So has that pretty much been the majority of your marriage? It definitely sounds like you were the doormat and let your wife walk all over you. If she's always been like this, then there is a possibility that this guy wasn't her first affair.


----------



## illwill (Feb 21, 2013)

You forgave too quickly and now she is starting to test you again. Ask yourself why you are in such a hurry to take her back? Im not saying you were wrong to, but i sense desperation from you and you better believe your wife does too. Cheaters must believe you will end the marriage. Will you? What is your true dealbreaker? Bottom line: Toughen up and dont rugsweep.


----------



## Racer (Sep 24, 2009)

breathe69 said:


> .... i just dont understand why she still has it locked


She could be testing your boundaries like my WW did. Mine held onto the idea that married people should trust each other. It bothered her severely that she was being 'treated as a child'. More of a 'principle' stance. So, she kept the lock on the phone at first like some rebellious teenager.

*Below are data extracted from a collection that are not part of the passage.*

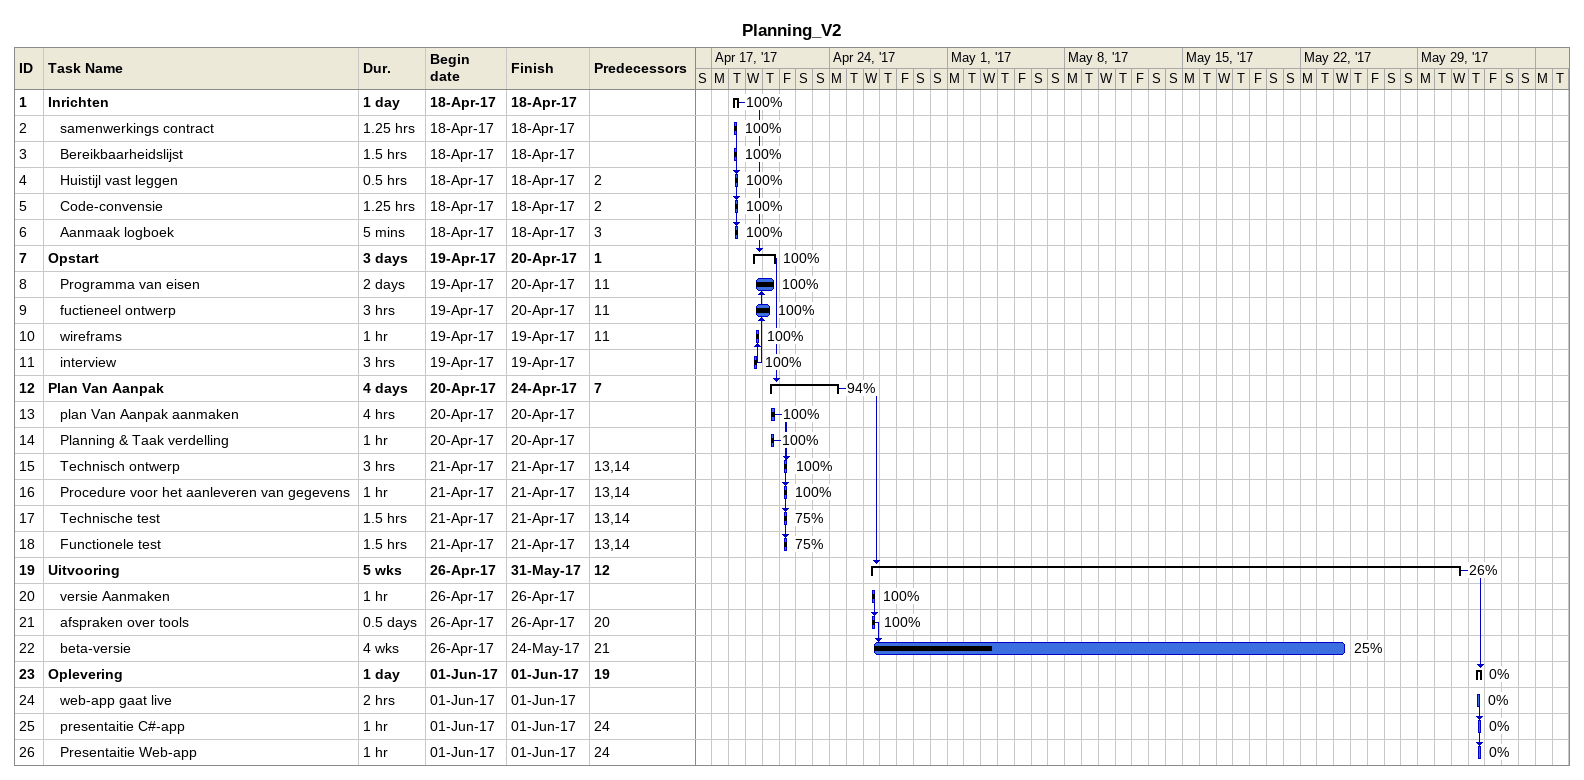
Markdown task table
Planning_V2

| ID | Level | Task | Duration | Start | Finish | Predecessors | % complete |
|---|---|---|---|---|---|---|---|
| 1 | 1 | **Inrichten** | 1d | 2017-04-18 | 2017-04-18 |  | 100 |
| 2 | 2 | samenwerkings contract | 1.25h | 2017-04-18 | 2017-04-18 |  | 100 |
| 3 | 2 | Bereikbaarheidslijst | 1.5h | 2017-04-18 | 2017-04-18 |  | 100 |
| 4 | 2 | Huistijl vast leggen | 0.5h | 2017-04-18 | 2017-04-18 | 2 | 100 |
| 5 | 2 | Code-convensie | 1.25h | 2017-04-18 | 2017-04-18 | 2 | 100 |
| 6 | 2 | Aanmaak logboek | 5min | 2017-04-18 | 2017-04-18 | 3 | 100 |
| 7 | 1 | **Opstart** | 3d | 2017-04-19 | 2017-04-20 | 1 | 100 |
| 8 | 2 | Programma van eisen | 2d | 2017-04-19 | 2017-04-20 | 11 | 100 |
| 9 | 2 | fuctieneel ontwerp | 3h | 2017-04-19 | 2017-04-20 | 11 | 100 |
| 10 | 2 | wireframs | 1h | 2017-04-19 | 2017-04-19 | 11 | 100 |
| 11 | 2 | interview | 3h | 2017-04-19 | 2017-04-19 |  | 100 |
| 12 | 1 | **Plan Van Aanpak** | 4d | 2017-04-20 | 2017-04-24 | 7 | 94 |
| 13 | 2 | plan Van Aanpak aanmaken | 4h | 2017-04-20 | 2017-04-20 |  | 100 |
| 14 | 2 | Planning & Taak verdelling | 1h | 2017-04-20 | 2017-04-20 |  | 100 |
| 15 | 2 | Technisch ontwerp | 3h | 2017-04-21 | 2017-04-21 | 13, 14 | 100 |
| 16 | 2 | Procedure voor het aanleveren van gegevens | 1h | 2017-04-21 | 2017-04-21 | 13, 14 | 100 |
| 17 | 2 | Technische test | 1.5h | 2017-04-21 | 2017-04-21 | 13, 14 | 75 |
| 18 | 2 | Functionele test | 1.5h | 2017-04-21 | 2017-04-21 | 13, 14 | 75 |
| 19 | 1 | **Uitvooring** | 5w | 2017-04-26 | 2017-05-31 | 12 | 26 |
| 20 | 2 | versie Aanmaken | 1h | 2017-04-26 | 2017-04-26 |  | 100 |
| 21 | 2 | afspraken over tools | 0.5d | 2017-04-26 | 2017-04-26 | 20 | 100 |
| 22 | 2 | beta-versie | 4w | 2017-04-26 | 2017-05-24 | 21 | 25 |
| 23 | 1 | **Oplevering** | 1d | 2017-06-01 | 2017-06-01 | 19 | 0 |
| 24 | 2 | web-app gaat live | 2h | 2017-06-01 | 2017-06-01 |  | 0 |
| 25 | 2 | presentaitie C#-app | 1h | 2017-06-01 | 2017-06-01 | 24 | 0 |
| 26 | 2 | Presentaitie Web-app | 1h | 2017-06-01 | 2017-06-01 | 24 | 0 |
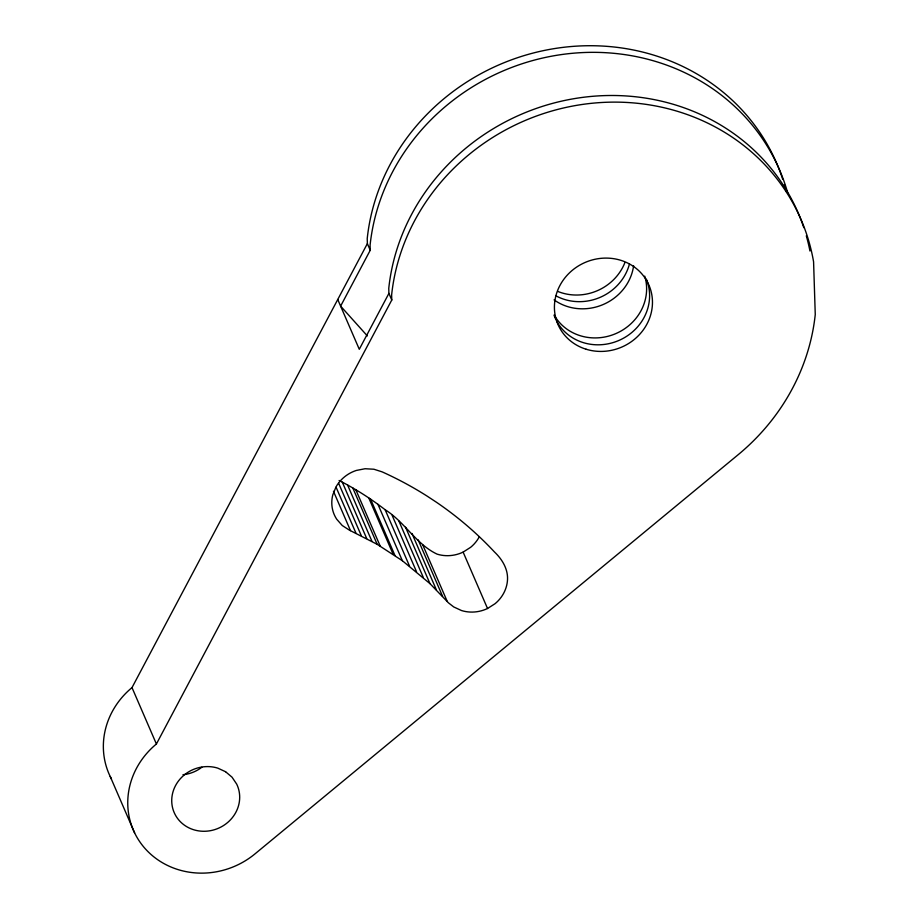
<?xml version="1.0" encoding="UTF-8"?>
<svg xmlns="http://www.w3.org/2000/svg" width="919" height="919" viewBox="0 0 919 919"><rect width="100%" height="100%" fill="white"/><g stroke="black" fill="none" stroke-linecap="round" stroke-linejoin="round"><path stroke-width="1.38" d="M111.452 778.933A78.793 73.313 -23.4 0 1 132.003 687.607L367.37 243.615L367.221 238.618A215.184 200.216 -23.4 0 1 558.327 47.995A215.184 200.216 -23.4 0 1 782.701 179.228M787.64 192.68A215.184 200.216 -23.4 0 0 564.955 54.106A215.184 200.216 -23.4 0 0 370.081 245.247L370.242 250.244L340.616 306.13L367.347 335.917M803.792 227.648A215.184 200.216 -23.4 0 0 579.108 97.873A215.184 200.216 -23.4 0 0 388.76 288.394L388.909 293.391L359.283 349.277L337.744 299.502M156.402 743.999L391.781 300.008L391.62 295.01A215.184 200.216 -23.4 0 1 597.005 102.813A215.184 200.216 -23.4 0 1 813.579 261.789L815.256 314.505A215.184 200.216 -23.4 0 1 738.083 454.779L255.011 853.866A78.793 73.313 -23.4 0 1 145.328 848.823A78.793 73.313 -23.4 0 1 156.402 743.999L132.003 687.607M339.1 480.499C355.331 488.759 370.736 498.603 385.141 509.735C404.716 521.958 416.261 544.37 437.122 554.146A34.348 31.958 -23.4 0 0 463.13 552.101L470.666 547.287A34.348 31.958 -23.4 0 0 479.408 536.593M487.529 608.504L495.077 603.691A34.348 31.958 -23.4 0 0 507.391 581.29C508.655 569.849 502.452 559.556 494.445 551.94A382.511 355.894 -23.4 0 0 436.364 502.199L427.151 496.134A382.511 355.894 -23.4 0 0 382.178 471.884L373.907 469.23L365.084 468.736L356.308 470.448A34.371 31.97 -23.4 0 0 335.998 486.932L332.77 494.95A34.371 31.97 -23.4 0 0 336.699 519.201L342.247 525.519L349.404 530.148L377.204 544.347L402.35 560.716L429.977 583.645L448.564 602.933L453.722 606.942L461.533 610.549A34.348 31.958 -23.4 0 0 487.529 608.504L463.13 552.101M367.37 243.615L370.242 250.244M388.909 293.391L391.781 300.008M422.855 545.093L447.254 601.486M418.179 539.913L442.59 596.316M411.988 533.479L436.387 589.883M405.578 527.242L429.977 583.645M398.961 521.199L423.372 577.603M392.149 515.364L416.548 571.767M385.141 509.735L409.541 566.138M377.939 504.324L402.35 560.716M370.564 499.12L394.963 555.524M368.772 497.949L393.171 554.341M355.825 489.747L380.225 546.15M352.793 487.943L377.204 544.347M347.577 485.002L371.988 541.394M342.305 482.153L366.715 538.545M338.663 483.337L361.362 535.8M336.101 487.265L355.963 533.169M333.471 491.286L350.495 530.631M110.223 776.498L134.622 832.901M646.379 279.204A49.557 46.111 -23.4 0 1 620.049 339.938A49.557 46.111 -23.4 0 1 556.454 320.697M555.857 319.502A49.557 46.111 -23.4 0 1 554.283 315.814M201.812 767.273A34.359 31.958 -23.4 0 1 182.973 774.717M784.378 184.685A215.184 200.216 -23.4 0 1 786.25 191.554M624.886 262.604A49.557 46.111 -23.4 0 1 557.73 291.403M629.458 263.971A49.557 46.111 -23.4 0 1 555.593 295.642M806.308 235.827A215.184 200.216 -23.4 0 1 809.949 251.002M644.747 276.125A49.557 46.111 -23.4 0 1 615.741 333.643A49.557 46.111 -23.4 0 1 554.111 314.976M633.616 265.74A49.557 46.111 -23.4 0 1 603.163 304.534A49.557 46.111 -23.4 0 1 554.088 299.87M225.58 771.73L217.757 768.123A34.359 31.958 -23.4 0 0 171.899 797.382A34.359 31.958 -23.4 0 0 211.163 830.546A34.359 31.958 -23.4 0 0 236.7 784.125L232.036 777.187L225.58 771.73M586.058 349.209A49.557 46.111 -23.4 0 0 651.835 294.861A49.557 46.111 -23.4 0 0 572.434 270.209A49.557 46.111 -23.4 0 0 586.058 349.209"/></g></svg>

The ramification; I did the full 180 and began detaching again. She wants a lock... fine. Then she won't have me. That's really the only power you have. I could have cancelled her phone or any number of little vindictive things. Didn't see the point of it. If she wasn't going to respect or own why I needed access on the device she used to betray me was necessary, she wasn't worth hanging onto. 

The 180 gives me a chance to mentally prepare being without her and sets the tone that she's really nothing more than an option in my life. Work on you; You'll be alright without her. It also allows it to sink in for her and 'do something' before I get too far away to want to come back.


----------



## nogutsnoglory (Jan 17, 2013)

6301 said:


> You want the marriage to move forward? Then stop playing games with her. Her phone is locked and for a reason so it should tell you that she's not being honest with you. It takes two to make the marriage work and so far your the only one that's putting an effort in doing that.
> 
> Sit her down and go eye ball to eye ball with her so she finally understands that your not playing games with her and tell her that her locking her phone is unacceptable and she either unlocks it and keeps it unlocked or your filing for divorce. Make her understand that her irresponsible behavior caused this mess and it's up to her to either fix it or move out. You have to do this in a way that she knows your not putting up with her BS and the balls in her court. No excuses. No putting it off and let her know that if she can't do that then it's time to leave.
> 
> ...


I bet her friends knew she was cheating and are in no way a "friend of your marriage" 
If she is being influenced by her friends then they need to go away as well.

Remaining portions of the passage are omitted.